### Provided material ###

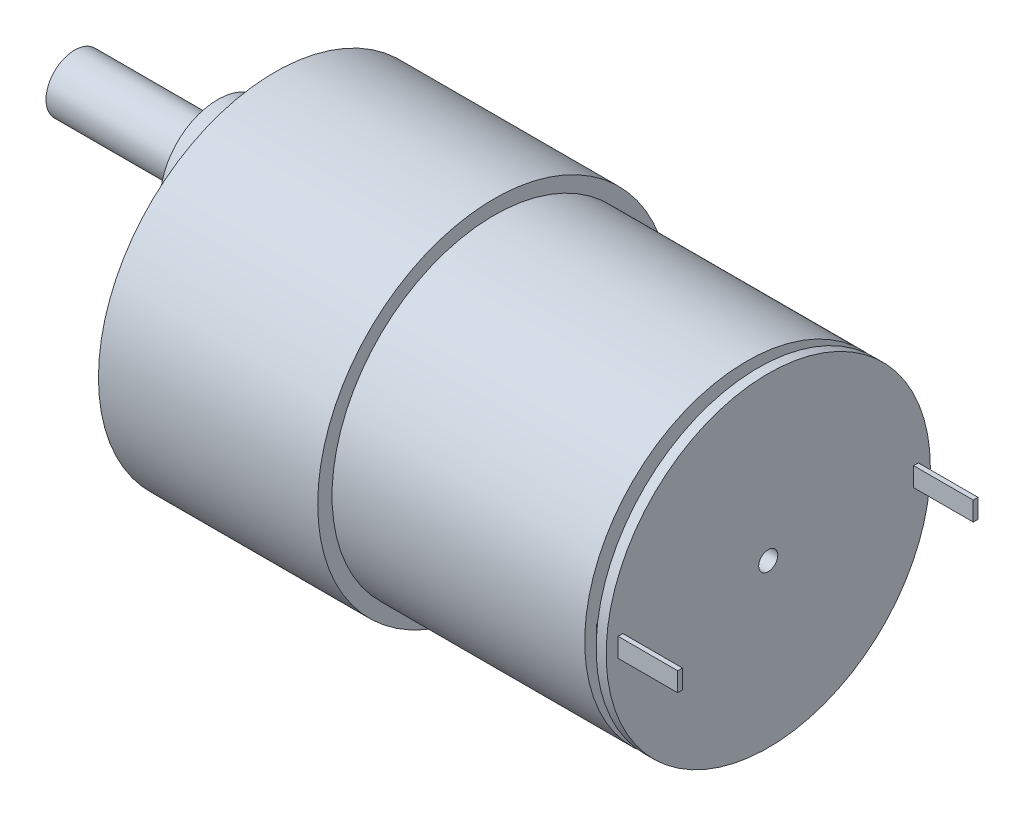
ISO-10303-21;
HEADER;
FILE_DESCRIPTION(('STEP AP214'),'2;1');
FILE_NAME('part.step','',(''),(''),'','','');
FILE_SCHEMA(('AUTOMOTIVE_DESIGN { 1 0 10303 214 1 1 1 1 }'));
ENDSEC;
DATA;
#1=APPLICATION_CONTEXT('core data for automotive mechanical design processes');
#2=APPLICATION_PROTOCOL_DEFINITION('international standard','automotive_design',2000,#1);
#3=PRODUCT_CONTEXT('',#1,'mechanical');
#4=PRODUCT('Part','Part','',(#3));
#5=PRODUCT_RELATED_PRODUCT_CATEGORY('part','',(#4));
#6=PRODUCT_DEFINITION_FORMATION('','',#4);
#7=PRODUCT_DEFINITION_CONTEXT('part definition',#1,'design');
#8=PRODUCT_DEFINITION('design','',#6,#7);
#9=PRODUCT_DEFINITION_SHAPE('','',#8);
#10=(LENGTH_UNIT() NAMED_UNIT(*) SI_UNIT(.MILLI.,.METRE.));
#11=(NAMED_UNIT(*) PLANE_ANGLE_UNIT() SI_UNIT($,.RADIAN.));
#12=(NAMED_UNIT(*) SI_UNIT($,.STERADIAN.) SOLID_ANGLE_UNIT());
#13=UNCERTAINTY_MEASURE_WITH_UNIT(LENGTH_MEASURE(1.E-05),#10,'distance_accuracy_value','');
#14=(GEOMETRIC_REPRESENTATION_CONTEXT(3) GLOBAL_UNCERTAINTY_ASSIGNED_CONTEXT((#13)) GLOBAL_UNIT_ASSIGNED_CONTEXT((#10,
#11,#12)) REPRESENTATION_CONTEXT('',''));
#15=CARTESIAN_POINT('',(0.,0.,0.));
#16=DIRECTION('',(0.,0.,1.));
#17=DIRECTION('',(1.,0.,0.));
#18=AXIS2_PLACEMENT_3D('',#15,#16,#17);
#19=CARTESIAN_POINT('',(40.2,0.,0.));
#20=DIRECTION('',(1.,0.,0.));
#21=DIRECTION('',(0.,0.,-1.));
#22=AXIS2_PLACEMENT_3D('',#19,#20,#21);
#23=CYLINDRICAL_SURFACE('',#22,17.);
#24=CARTESIAN_POINT('',(40.2,0.,0.));
#25=DIRECTION('',(1.,0.,0.));
#26=DIRECTION('',(0.,0.,-1.));
#27=AXIS2_PLACEMENT_3D('',#24,#25,#26);
#28=CIRCLE('',#27,17.);
#29=CARTESIAN_POINT('',(40.2,0.,-17.));
#30=VERTEX_POINT('',#29);
#31=EDGE_CURVE('E341',#30,#30,#28,.T.);
#32=ORIENTED_EDGE('',*,*,#31,.T.);
#33=EDGE_LOOP('',(#32));
#34=FACE_BOUND('',#33,.T.);
#35=CARTESIAN_POINT('',(41.25,0.,0.));
#36=DIRECTION('',(1.,0.,0.));
#37=DIRECTION('',(0.,0.,-1.));
#38=AXIS2_PLACEMENT_3D('',#35,#36,#37);
#39=CIRCLE('',#38,17.);
#40=CARTESIAN_POINT('',(41.25,0.,-17.));
#41=VERTEX_POINT('',#40);
#42=EDGE_CURVE('E340',#41,#41,#39,.T.);
#43=ORIENTED_EDGE('',*,*,#42,.F.);
#44=EDGE_LOOP('',(#43));
#45=FACE_BOUND('',#44,.T.);
#46=ADVANCED_FACE('F32',(#34,#45),#23,.T.);
#47=CARTESIAN_POINT('',(40.2,0.,0.));
#48=DIRECTION('',(1.,0.,0.));
#49=DIRECTION('',(0.,0.,-1.));
#50=AXIS2_PLACEMENT_3D('',#47,#48,#49);
#51=PLANE('',#50);
#52=CARTESIAN_POINT('',(40.2,-2.21813606772281E-13,0.));
#53=DIRECTION('',(1.,0.,0.));
#54=DIRECTION('',(0.,0.,-1.));
#55=AXIS2_PLACEMENT_3D('',#52,#53,#54);
#56=CIRCLE('',#55,1.5);
#57=CARTESIAN_POINT('',(40.2,-2.21813606772281E-13,-1.49999999999998));
#58=VERTEX_POINT('',#57);
#59=EDGE_CURVE('E11',#58,#58,#56,.F.);
#60=ORIENTED_EDGE('',*,*,#59,.F.);
#61=EDGE_LOOP('',(#60));
#62=FACE_BOUND('',#61,.T.);
#63=DIRECTION('',(0.,1.,0.));
#64=VECTOR('',#63,1.);
#65=CARTESIAN_POINT('',(40.2,0.,-15.75));
#66=LINE('',#65,#64);
#67=CARTESIAN_POINT('',(40.2,-0.999999999999999,-15.75));
#68=VERTEX_POINT('',#67);
#69=CARTESIAN_POINT('',(40.2,0.999999999999999,-15.75));
#70=VERTEX_POINT('',#69);
#71=EDGE_CURVE('E264',#68,#70,#66,.T.);
#72=ORIENTED_EDGE('',*,*,#71,.T.);
#73=DIRECTION('',(0.,0.,1.));
#74=VECTOR('',#73,1.);
#75=CARTESIAN_POINT('',(40.2,0.999999999999999,0.));
#76=LINE('',#75,#74);
#77=CARTESIAN_POINT('',(40.2,0.999999999999999,-15.25));
#78=VERTEX_POINT('',#77);
#79=EDGE_CURVE('E285',#70,#78,#76,.T.);
#80=ORIENTED_EDGE('',*,*,#79,.T.);
#81=DIRECTION('',(0.,-1.,0.));
#82=VECTOR('',#81,1.);
#83=CARTESIAN_POINT('',(40.2,0.,-15.25));
#84=LINE('',#83,#82);
#85=CARTESIAN_POINT('',(40.2,-0.999999999999999,-15.25));
#86=VERTEX_POINT('',#85);
#87=EDGE_CURVE('E282',#78,#86,#84,.T.);
#88=ORIENTED_EDGE('',*,*,#87,.T.);
#89=DIRECTION('',(0.,0.,-1.));
#90=VECTOR('',#89,1.);
#91=CARTESIAN_POINT('',(40.2,-0.999999999999999,0.));
#92=LINE('',#91,#90);
#93=EDGE_CURVE('E279',#86,#68,#92,.T.);
#94=ORIENTED_EDGE('',*,*,#93,.T.);
#95=EDGE_LOOP('',(#72,#80,#88,#94));
#96=FACE_BOUND('',#95,.T.);
#97=DIRECTION('',(0.,1.,0.));
#98=VECTOR('',#97,1.);
#99=CARTESIAN_POINT('',(40.2,0.,15.25));
#100=LINE('',#99,#98);
#101=CARTESIAN_POINT('',(40.2,-0.999999999999999,15.25));
#102=VERTEX_POINT('',#101);
#103=CARTESIAN_POINT('',(40.2,0.999999999999999,15.25));
#104=VERTEX_POINT('',#103);
#105=EDGE_CURVE('E316',#102,#104,#100,.T.);
#106=ORIENTED_EDGE('',*,*,#105,.T.);
#107=DIRECTION('',(0.,0.,1.));
#108=VECTOR('',#107,1.);
#109=CARTESIAN_POINT('',(40.2,0.999999999999999,0.));
#110=LINE('',#109,#108);
#111=CARTESIAN_POINT('',(40.2,0.999999999999999,15.75));
#112=VERTEX_POINT('',#111);
#113=EDGE_CURVE('E337',#104,#112,#110,.T.);
#114=ORIENTED_EDGE('',*,*,#113,.T.);
#115=DIRECTION('',(0.,-1.,0.));
#116=VECTOR('',#115,1.);
#117=CARTESIAN_POINT('',(40.2,0.,15.75));
#118=LINE('',#117,#116);
#119=CARTESIAN_POINT('',(40.2,-0.999999999999999,15.75));
#120=VERTEX_POINT('',#119);
#121=EDGE_CURVE('E334',#112,#120,#118,.T.);
#122=ORIENTED_EDGE('',*,*,#121,.T.);
#123=DIRECTION('',(0.,0.,-1.));
#124=VECTOR('',#123,1.);
#125=CARTESIAN_POINT('',(40.2,-0.999999999999999,0.));
#126=LINE('',#125,#124);
#127=EDGE_CURVE('E331',#120,#102,#126,.T.);
#128=ORIENTED_EDGE('',*,*,#127,.T.);
#129=EDGE_LOOP('',(#106,#114,#122,#128));
#130=FACE_BOUND('',#129,.T.);
#131=ORIENTED_EDGE('',*,*,#31,.F.);
#132=EDGE_LOOP('',(#131));
#133=FACE_BOUND('',#132,.T.);
#134=ADVANCED_FACE('F394',(#62,#96,#130,#133),#51,.F.);
#135=CARTESIAN_POINT('',(41.25,0.,0.));
#136=DIRECTION('',(1.,0.,0.));
#137=DIRECTION('',(0.,0.,-1.));
#138=AXIS2_PLACEMENT_3D('',#135,#136,#137);
#139=PLANE('',#138);
#140=CARTESIAN_POINT('',(41.25,-1.46316292415369E-13,0.));
#141=DIRECTION('',(1.,0.,0.));
#142=DIRECTION('',(0.,0.,-1.));
#143=AXIS2_PLACEMENT_3D('',#140,#141,#142);
#144=CIRCLE('',#143,0.999999999999989);
#145=CARTESIAN_POINT('',(41.25,-1.46316292415369E-13,-1.00000000000001));
#146=VERTEX_POINT('',#145);
#147=EDGE_CURVE('E207',#146,#146,#144,.T.);
#148=ORIENTED_EDGE('',*,*,#147,.F.);
#149=EDGE_LOOP('',(#148));
#150=FACE_BOUND('',#149,.T.);
#151=DIRECTION('',(0.,0.,1.));
#152=VECTOR('',#151,1.);
#153=CARTESIAN_POINT('',(41.25,0.999999999999999,0.));
#154=LINE('',#153,#152);
#155=CARTESIAN_POINT('',(41.25,0.999999999999999,-15.75));
#156=VERTEX_POINT('',#155);
#157=CARTESIAN_POINT('',(41.25,0.999999999999999,-15.25));
#158=VERTEX_POINT('',#157);
#159=EDGE_CURVE('E39',#156,#158,#154,.T.);
#160=ORIENTED_EDGE('',*,*,#159,.F.);
#161=DIRECTION('',(0.,1.,0.));
#162=VECTOR('',#161,1.);
#163=CARTESIAN_POINT('',(41.25,0.,-15.75));
#164=LINE('',#163,#162);
#165=CARTESIAN_POINT('',(41.25,-0.999999999999999,-15.75));
#166=VERTEX_POINT('',#165);
#167=EDGE_CURVE('E358',#166,#156,#164,.T.);
#168=ORIENTED_EDGE('',*,*,#167,.F.);
#169=DIRECTION('',(0.,0.,-1.));
#170=VECTOR('',#169,1.);
#171=CARTESIAN_POINT('',(41.25,-0.999999999999999,0.));
#172=LINE('',#171,#170);
#173=CARTESIAN_POINT('',(41.25,-0.999999999999999,-15.25));
#174=VERTEX_POINT('',#173);
#175=EDGE_CURVE('E361',#174,#166,#172,.T.);
#176=ORIENTED_EDGE('',*,*,#175,.F.);
#177=DIRECTION('',(0.,-1.,0.));
#178=VECTOR('',#177,1.);
#179=CARTESIAN_POINT('',(41.25,0.,-15.25));
#180=LINE('',#179,#178);
#181=EDGE_CURVE('E54',#158,#174,#180,.T.);
#182=ORIENTED_EDGE('',*,*,#181,.F.);
#183=EDGE_LOOP('',(#160,#168,#176,#182));
#184=FACE_BOUND('',#183,.T.);
#185=DIRECTION('',(0.,0.,1.));
#186=VECTOR('',#185,1.);
#187=CARTESIAN_POINT('',(41.25,0.999999999999999,0.));
#188=LINE('',#187,#186);
#189=CARTESIAN_POINT('',(41.25,0.999999999999999,15.25));
#190=VERTEX_POINT('',#189);
#191=CARTESIAN_POINT('',(41.25,0.999999999999999,15.75));
#192=VERTEX_POINT('',#191);
#193=EDGE_CURVE('E355',#190,#192,#188,.T.);
#194=ORIENTED_EDGE('',*,*,#193,.F.);
#195=DIRECTION('',(0.,1.,0.));
#196=VECTOR('',#195,1.);
#197=CARTESIAN_POINT('',(41.25,0.,15.25));
#198=LINE('',#197,#196);
#199=CARTESIAN_POINT('',(41.25,-0.999999999999999,15.25));
#200=VERTEX_POINT('',#199);
#201=EDGE_CURVE('E344',#200,#190,#198,.T.);
#202=ORIENTED_EDGE('',*,*,#201,.F.);
#203=DIRECTION('',(0.,0.,-1.));
#204=VECTOR('',#203,1.);
#205=CARTESIAN_POINT('',(41.25,-0.999999999999999,0.));
#206=LINE('',#205,#204);
#207=CARTESIAN_POINT('',(41.25,-0.999999999999999,15.75));
#208=VERTEX_POINT('',#207);
#209=EDGE_CURVE('E349',#208,#200,#206,.T.);
#210=ORIENTED_EDGE('',*,*,#209,.F.);
#211=DIRECTION('',(0.,-1.,0.));
#212=VECTOR('',#211,1.);
#213=CARTESIAN_POINT('',(41.25,0.,15.75));
#214=LINE('',#213,#212);
#215=EDGE_CURVE('E352',#192,#208,#214,.T.);
#216=ORIENTED_EDGE('',*,*,#215,.F.);
#217=EDGE_LOOP('',(#194,#202,#210,#216));
#218=FACE_BOUND('',#217,.T.);
#219=ORIENTED_EDGE('',*,*,#42,.T.);
#220=EDGE_LOOP('',(#219));
#221=FACE_BOUND('',#220,.T.);
#222=ADVANCED_FACE('F376',(#150,#184,#218,#221),#139,.T.);
#223=CARTESIAN_POINT('',(47.5,0.,0.));
#224=DIRECTION('',(1.,0.,0.));
#225=DIRECTION('',(0.,0.,-1.));
#226=AXIS2_PLACEMENT_3D('',#223,#224,#225);
#227=PLANE('',#226);
#228=DIRECTION('',(0.,0.,-1.));
#229=VECTOR('',#228,1.);
#230=CARTESIAN_POINT('',(47.5,0.999999999999999,15.25));
#231=LINE('',#230,#229);
#232=CARTESIAN_POINT('',(47.5,0.999999999999999,15.75));
#233=VERTEX_POINT('',#232);
#234=CARTESIAN_POINT('',(47.5,0.999999999999999,15.25));
#235=VERTEX_POINT('',#234);
#236=EDGE_CURVE('E300',#233,#235,#231,.T.);
#237=ORIENTED_EDGE('',*,*,#236,.F.);
#238=DIRECTION('',(0.,1.,0.));
#239=VECTOR('',#238,1.);
#240=CARTESIAN_POINT('',(47.5,0.999999999999999,15.75));
#241=LINE('',#240,#239);
#242=CARTESIAN_POINT('',(47.5,-0.999999999999999,15.75));
#243=VERTEX_POINT('',#242);
#244=EDGE_CURVE('E309',#243,#233,#241,.T.);
#245=ORIENTED_EDGE('',*,*,#244,.F.);
#246=DIRECTION('',(0.,0.,1.));
#247=VECTOR('',#246,1.);
#248=CARTESIAN_POINT('',(47.5,-0.999999999999999,15.75));
#249=LINE('',#248,#247);
#250=CARTESIAN_POINT('',(47.5,-0.999999999999999,15.25));
#251=VERTEX_POINT('',#250);
#252=EDGE_CURVE('E306',#251,#243,#249,.T.);
#253=ORIENTED_EDGE('',*,*,#252,.F.);
#254=DIRECTION('',(0.,-1.,0.));
#255=VECTOR('',#254,1.);
#256=CARTESIAN_POINT('',(47.5,-0.999999999999999,15.25));
#257=LINE('',#256,#255);
#258=EDGE_CURVE('E303',#235,#251,#257,.T.);
#259=ORIENTED_EDGE('',*,*,#258,.F.);
#260=EDGE_LOOP('',(#237,#245,#253,#259));
#261=FACE_BOUND('',#260,.T.);
#262=ADVANCED_FACE('F406',(#261),#227,.T.);
#263=CARTESIAN_POINT('',(47.5,-0.999999999999999,15.25));
#264=DIRECTION('',(0.,0.,-1.));
#265=DIRECTION('',(-1.,0.,0.));
#266=AXIS2_PLACEMENT_3D('',#263,#264,#265);
#267=PLANE('',#266);
#268=DIRECTION('',(-1.,0.,0.));
#269=VECTOR('',#268,1.);
#270=CARTESIAN_POINT('',(47.5,-0.999999999999999,15.25));
#271=LINE('',#270,#269);
#272=EDGE_CURVE('E322',#251,#200,#271,.T.);
#273=ORIENTED_EDGE('',*,*,#272,.T.);
#274=ORIENTED_EDGE('',*,*,#201,.T.);
#275=DIRECTION('',(-1.,0.,0.));
#276=VECTOR('',#275,1.);
#277=CARTESIAN_POINT('',(47.5,0.999999999999999,15.25));
#278=LINE('',#277,#276);
#279=EDGE_CURVE('E326',#235,#190,#278,.T.);
#280=ORIENTED_EDGE('',*,*,#279,.F.);
#281=ORIENTED_EDGE('',*,*,#258,.T.);
#282=EDGE_LOOP('',(#273,#274,#280,#281));
#283=FACE_BOUND('',#282,.T.);
#284=ADVANCED_FACE('F411',(#283),#267,.T.);
#285=CARTESIAN_POINT('',(47.5,-0.999999999999999,15.75));
#286=DIRECTION('',(0.,-1.,0.));
#287=DIRECTION('',(0.,0.,-1.));
#288=AXIS2_PLACEMENT_3D('',#285,#286,#287);
#289=PLANE('',#288);
#290=DIRECTION('',(-1.,0.,0.));
#291=VECTOR('',#290,1.);
#292=CARTESIAN_POINT('',(47.5,-0.999999999999999,15.75));
#293=LINE('',#292,#291);
#294=EDGE_CURVE('E318',#243,#208,#293,.T.);
#295=ORIENTED_EDGE('',*,*,#294,.T.);
#296=ORIENTED_EDGE('',*,*,#209,.T.);
#297=ORIENTED_EDGE('',*,*,#272,.F.);
#298=ORIENTED_EDGE('',*,*,#252,.T.);
#299=EDGE_LOOP('',(#295,#296,#297,#298));
#300=FACE_BOUND('',#299,.T.);
#301=ADVANCED_FACE('F424',(#300),#289,.T.);
#302=CARTESIAN_POINT('',(47.5,0.999999999999999,15.75));
#303=DIRECTION('',(0.,0.,1.));
#304=DIRECTION('',(1.,0.,0.));
#305=AXIS2_PLACEMENT_3D('',#302,#303,#304);
#306=PLANE('',#305);
#307=DIRECTION('',(-1.,0.,0.));
#308=VECTOR('',#307,1.);
#309=CARTESIAN_POINT('',(47.5,0.999999999999999,15.75));
#310=LINE('',#309,#308);
#311=EDGE_CURVE('E313',#233,#192,#310,.T.);
#312=ORIENTED_EDGE('',*,*,#311,.T.);
#313=ORIENTED_EDGE('',*,*,#215,.T.);
#314=ORIENTED_EDGE('',*,*,#294,.F.);
#315=ORIENTED_EDGE('',*,*,#244,.T.);
#316=EDGE_LOOP('',(#312,#313,#314,#315));
#317=FACE_BOUND('',#316,.T.);
#318=ADVANCED_FACE('F420',(#317),#306,.T.);
#319=CARTESIAN_POINT('',(47.5,0.999999999999999,15.25));
#320=DIRECTION('',(0.,1.,0.));
#321=DIRECTION('',(0.,0.,1.));
#322=AXIS2_PLACEMENT_3D('',#319,#320,#321);
#323=PLANE('',#322);
#324=ORIENTED_EDGE('',*,*,#279,.T.);
#325=ORIENTED_EDGE('',*,*,#193,.T.);
#326=ORIENTED_EDGE('',*,*,#311,.F.);
#327=ORIENTED_EDGE('',*,*,#236,.T.);
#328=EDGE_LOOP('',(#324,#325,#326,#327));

###

[Task details]:
Give back an exact repeat of the lines from the top of the data through the line that holds "#47=CARTESIAN_POINT('',(40.2,0.,0.));", both included, and omit pictures.

[Response to the exercise]:
ISO-10303-21;
HEADER;
FILE_DESCRIPTION(('STEP AP214'),'2;1');
FILE_NAME('part.step','',(''),(''),'','','');
FILE_SCHEMA(('AUTOMOTIVE_DESIGN { 1 0 10303 214 1 1 1 1 }'));
ENDSEC;
DATA;
#1=APPLICATION_CONTEXT('core data for automotive mechanical design processes');
#2=APPLICATION_PROTOCOL_DEFINITION('international standard','automotive_design',2000,#1);
#3=PRODUCT_CONTEXT('',#1,'mechanical');
#4=PRODUCT('Part','Part','',(#3));
#5=PRODUCT_RELATED_PRODUCT_CATEGORY('part','',(#4));
#6=PRODUCT_DEFINITION_FORMATION('','',#4);
#7=PRODUCT_DEFINITION_CONTEXT('part definition',#1,'design');
#8=PRODUCT_DEFINITION('design','',#6,#7);
#9=PRODUCT_DEFINITION_SHAPE('','',#8);
#10=(LENGTH_UNIT() NAMED_UNIT(*) SI_UNIT(.MILLI.,.METRE.));
#11=(NAMED_UNIT(*) PLANE_ANGLE_UNIT() SI_UNIT($,.RADIAN.));
#12=(NAMED_UNIT(*) SI_UNIT($,.STERADIAN.) SOLID_ANGLE_UNIT());
#13=UNCERTAINTY_MEASURE_WITH_UNIT(LENGTH_MEASURE(1.E-05),#10,'distance_accuracy_value','');
#14=(GEOMETRIC_REPRESENTATION_CONTEXT(3) GLOBAL_UNCERTAINTY_ASSIGNED_CONTEXT((#13)) GLOBAL_UNIT_ASSIGNED_CONTEXT((#10,
#11,#12)) REPRESENTATION_CONTEXT('',''));
#15=CARTESIAN_POINT('',(0.,0.,0.));
#16=DIRECTION('',(0.,0.,1.));
#17=DIRECTION('',(1.,0.,0.));
#18=AXIS2_PLACEMENT_3D('',#15,#16,#17);
#19=CARTESIAN_POINT('',(40.2,0.,0.));
#20=DIRECTION('',(1.,0.,0.));
#21=DIRECTION('',(0.,0.,-1.));
#22=AXIS2_PLACEMENT_3D('',#19,#20,#21);
#23=CYLINDRICAL_SURFACE('',#22,17.);
#24=CARTESIAN_POINT('',(40.2,0.,0.));
#25=DIRECTION('',(1.,0.,0.));
#26=DIRECTION('',(0.,0.,-1.));
#27=AXIS2_PLACEMENT_3D('',#24,#25,#26);
#28=CIRCLE('',#27,17.);
#29=CARTESIAN_POINT('',(40.2,0.,-17.));
#30=VERTEX_POINT('',#29);
#31=EDGE_CURVE('E341',#30,#30,#28,.T.);
#32=ORIENTED_EDGE('',*,*,#31,.T.);
#33=EDGE_LOOP('',(#32));
#34=FACE_BOUND('',#33,.T.);
#35=CARTESIAN_POINT('',(41.25,0.,0.));
#36=DIRECTION('',(1.,0.,0.));
#37=DIRECTION('',(0.,0.,-1.));
#38=AXIS2_PLACEMENT_3D('',#35,#36,#37);
#39=CIRCLE('',#38,17.);
#40=CARTESIAN_POINT('',(41.25,0.,-17.));
#41=VERTEX_POINT('',#40);
#42=EDGE_CURVE('E340',#41,#41,#39,.T.);
#43=ORIENTED_EDGE('',*,*,#42,.F.);
#44=EDGE_LOOP('',(#43));
#45=FACE_BOUND('',#44,.T.);
#46=ADVANCED_FACE('F32',(#34,#45),#23,.T.);
#47=CARTESIAN_POINT('',(40.2,0.,0.));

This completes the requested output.